> What needs to be done
Look below for the line holding "#44=EDGE_LOOP('',(#43));" and the line holding "#67=AXIS2_PLACEMENT_3D('',#64,#65,#66);". Repeat those two and everything between, exactly.

> Material for this exercise
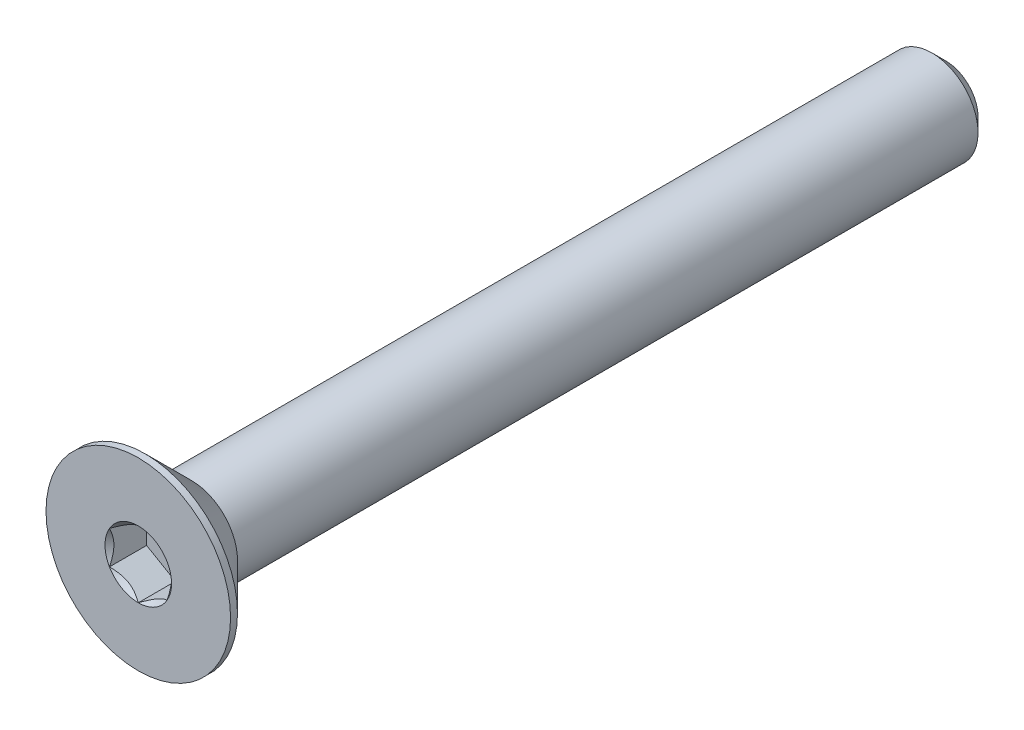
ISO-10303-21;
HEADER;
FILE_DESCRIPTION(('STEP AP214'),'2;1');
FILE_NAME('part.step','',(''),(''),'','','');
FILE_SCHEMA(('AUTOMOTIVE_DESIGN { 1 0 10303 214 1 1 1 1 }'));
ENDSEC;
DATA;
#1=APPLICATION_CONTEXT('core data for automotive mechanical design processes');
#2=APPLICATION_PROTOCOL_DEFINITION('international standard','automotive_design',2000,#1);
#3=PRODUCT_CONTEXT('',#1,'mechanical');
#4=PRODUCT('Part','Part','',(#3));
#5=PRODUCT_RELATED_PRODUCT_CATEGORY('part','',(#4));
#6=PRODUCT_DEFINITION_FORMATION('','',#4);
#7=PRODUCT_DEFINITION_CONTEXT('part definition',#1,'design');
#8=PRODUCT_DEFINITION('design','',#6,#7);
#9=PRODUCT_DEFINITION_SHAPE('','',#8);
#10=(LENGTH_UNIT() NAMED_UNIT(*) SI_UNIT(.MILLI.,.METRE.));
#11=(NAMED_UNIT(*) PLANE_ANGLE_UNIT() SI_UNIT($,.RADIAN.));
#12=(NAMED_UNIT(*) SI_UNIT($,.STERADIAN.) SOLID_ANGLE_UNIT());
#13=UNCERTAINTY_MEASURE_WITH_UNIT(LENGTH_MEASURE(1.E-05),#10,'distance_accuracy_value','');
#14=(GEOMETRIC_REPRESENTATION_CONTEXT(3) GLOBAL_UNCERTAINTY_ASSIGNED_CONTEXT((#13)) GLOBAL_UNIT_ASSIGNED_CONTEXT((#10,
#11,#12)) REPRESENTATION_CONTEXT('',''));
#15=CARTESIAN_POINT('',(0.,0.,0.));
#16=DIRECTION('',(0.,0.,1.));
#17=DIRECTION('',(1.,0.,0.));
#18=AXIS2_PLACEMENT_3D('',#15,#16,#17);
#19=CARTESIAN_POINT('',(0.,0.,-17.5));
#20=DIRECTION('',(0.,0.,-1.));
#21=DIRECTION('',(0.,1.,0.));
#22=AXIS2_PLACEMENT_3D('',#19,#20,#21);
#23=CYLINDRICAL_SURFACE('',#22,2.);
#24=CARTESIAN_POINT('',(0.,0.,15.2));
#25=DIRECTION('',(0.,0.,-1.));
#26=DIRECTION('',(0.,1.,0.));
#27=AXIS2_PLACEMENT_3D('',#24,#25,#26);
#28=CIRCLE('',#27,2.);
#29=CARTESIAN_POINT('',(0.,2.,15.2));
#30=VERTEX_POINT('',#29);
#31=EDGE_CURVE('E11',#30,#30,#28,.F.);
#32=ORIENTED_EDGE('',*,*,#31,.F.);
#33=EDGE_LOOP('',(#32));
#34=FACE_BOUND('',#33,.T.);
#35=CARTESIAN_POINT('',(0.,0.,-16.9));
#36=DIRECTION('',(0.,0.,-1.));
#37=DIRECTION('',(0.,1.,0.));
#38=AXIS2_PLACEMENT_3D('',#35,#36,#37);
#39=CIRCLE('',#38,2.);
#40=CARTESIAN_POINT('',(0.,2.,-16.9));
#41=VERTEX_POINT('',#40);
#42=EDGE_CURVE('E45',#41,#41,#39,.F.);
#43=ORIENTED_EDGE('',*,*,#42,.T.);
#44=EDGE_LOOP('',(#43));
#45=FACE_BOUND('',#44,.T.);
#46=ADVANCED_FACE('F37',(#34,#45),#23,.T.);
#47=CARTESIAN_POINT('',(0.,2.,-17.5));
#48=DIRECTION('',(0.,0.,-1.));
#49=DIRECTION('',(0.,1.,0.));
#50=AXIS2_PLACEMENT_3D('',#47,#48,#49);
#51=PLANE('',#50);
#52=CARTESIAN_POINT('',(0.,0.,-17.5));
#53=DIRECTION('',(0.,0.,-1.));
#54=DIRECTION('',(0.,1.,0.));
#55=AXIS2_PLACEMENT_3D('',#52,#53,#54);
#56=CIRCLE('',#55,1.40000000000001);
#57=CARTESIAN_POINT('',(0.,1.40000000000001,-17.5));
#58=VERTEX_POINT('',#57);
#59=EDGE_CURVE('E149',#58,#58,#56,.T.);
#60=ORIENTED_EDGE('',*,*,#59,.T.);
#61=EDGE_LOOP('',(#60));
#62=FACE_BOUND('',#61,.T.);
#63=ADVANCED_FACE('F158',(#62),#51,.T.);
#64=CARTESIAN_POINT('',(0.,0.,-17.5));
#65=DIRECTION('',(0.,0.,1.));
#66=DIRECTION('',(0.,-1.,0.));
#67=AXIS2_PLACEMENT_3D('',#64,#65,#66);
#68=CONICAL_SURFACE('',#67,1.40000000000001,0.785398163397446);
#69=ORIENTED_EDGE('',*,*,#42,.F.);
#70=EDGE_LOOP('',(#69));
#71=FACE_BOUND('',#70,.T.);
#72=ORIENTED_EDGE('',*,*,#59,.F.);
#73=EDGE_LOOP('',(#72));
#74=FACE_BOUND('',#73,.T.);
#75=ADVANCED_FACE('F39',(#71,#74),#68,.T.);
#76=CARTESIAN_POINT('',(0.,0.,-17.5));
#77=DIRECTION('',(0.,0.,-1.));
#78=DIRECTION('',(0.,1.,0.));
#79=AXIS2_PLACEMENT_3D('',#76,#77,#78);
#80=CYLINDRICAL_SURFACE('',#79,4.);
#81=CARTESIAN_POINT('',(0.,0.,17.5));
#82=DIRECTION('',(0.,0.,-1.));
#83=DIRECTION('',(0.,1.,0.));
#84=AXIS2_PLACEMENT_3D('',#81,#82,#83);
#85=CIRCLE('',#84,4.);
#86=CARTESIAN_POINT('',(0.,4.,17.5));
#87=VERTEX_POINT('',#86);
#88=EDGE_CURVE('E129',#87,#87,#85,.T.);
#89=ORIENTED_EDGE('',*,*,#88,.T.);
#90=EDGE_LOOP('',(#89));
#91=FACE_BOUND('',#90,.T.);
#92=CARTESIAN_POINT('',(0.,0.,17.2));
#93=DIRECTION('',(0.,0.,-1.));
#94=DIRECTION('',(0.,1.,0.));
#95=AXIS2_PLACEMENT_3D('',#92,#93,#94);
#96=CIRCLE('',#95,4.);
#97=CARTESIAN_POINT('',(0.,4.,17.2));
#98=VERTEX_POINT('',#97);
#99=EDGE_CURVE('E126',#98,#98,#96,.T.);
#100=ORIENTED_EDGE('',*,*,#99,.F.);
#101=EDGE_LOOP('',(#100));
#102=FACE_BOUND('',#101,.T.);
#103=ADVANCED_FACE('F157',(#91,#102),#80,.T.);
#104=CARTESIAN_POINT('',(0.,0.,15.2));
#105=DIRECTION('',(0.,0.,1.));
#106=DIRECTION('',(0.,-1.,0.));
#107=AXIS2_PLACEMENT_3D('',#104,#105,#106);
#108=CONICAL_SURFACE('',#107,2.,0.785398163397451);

> Solution
#44=EDGE_LOOP('',(#43));
#45=FACE_BOUND('',#44,.T.);
#46=ADVANCED_FACE('F37',(#34,#45),#23,.T.);
#47=CARTESIAN_POINT('',(0.,2.,-17.5));
#48=DIRECTION('',(0.,0.,-1.));
#49=DIRECTION('',(0.,1.,0.));
#50=AXIS2_PLACEMENT_3D('',#47,#48,#49);
#51=PLANE('',#50);
#52=CARTESIAN_POINT('',(0.,0.,-17.5));
#53=DIRECTION('',(0.,0.,-1.));
#54=DIRECTION('',(0.,1.,0.));
#55=AXIS2_PLACEMENT_3D('',#52,#53,#54);
#56=CIRCLE('',#55,1.40000000000001);
#57=CARTESIAN_POINT('',(0.,1.40000000000001,-17.5));
#58=VERTEX_POINT('',#57);
#59=EDGE_CURVE('E149',#58,#58,#56,.T.);
#60=ORIENTED_EDGE('',*,*,#59,.T.);
#61=EDGE_LOOP('',(#60));
#62=FACE_BOUND('',#61,.T.);
#63=ADVANCED_FACE('F158',(#62),#51,.T.);
#64=CARTESIAN_POINT('',(0.,0.,-17.5));
#65=DIRECTION('',(0.,0.,1.));
#66=DIRECTION('',(0.,-1.,0.));
#67=AXIS2_PLACEMENT_3D('',#64,#65,#66);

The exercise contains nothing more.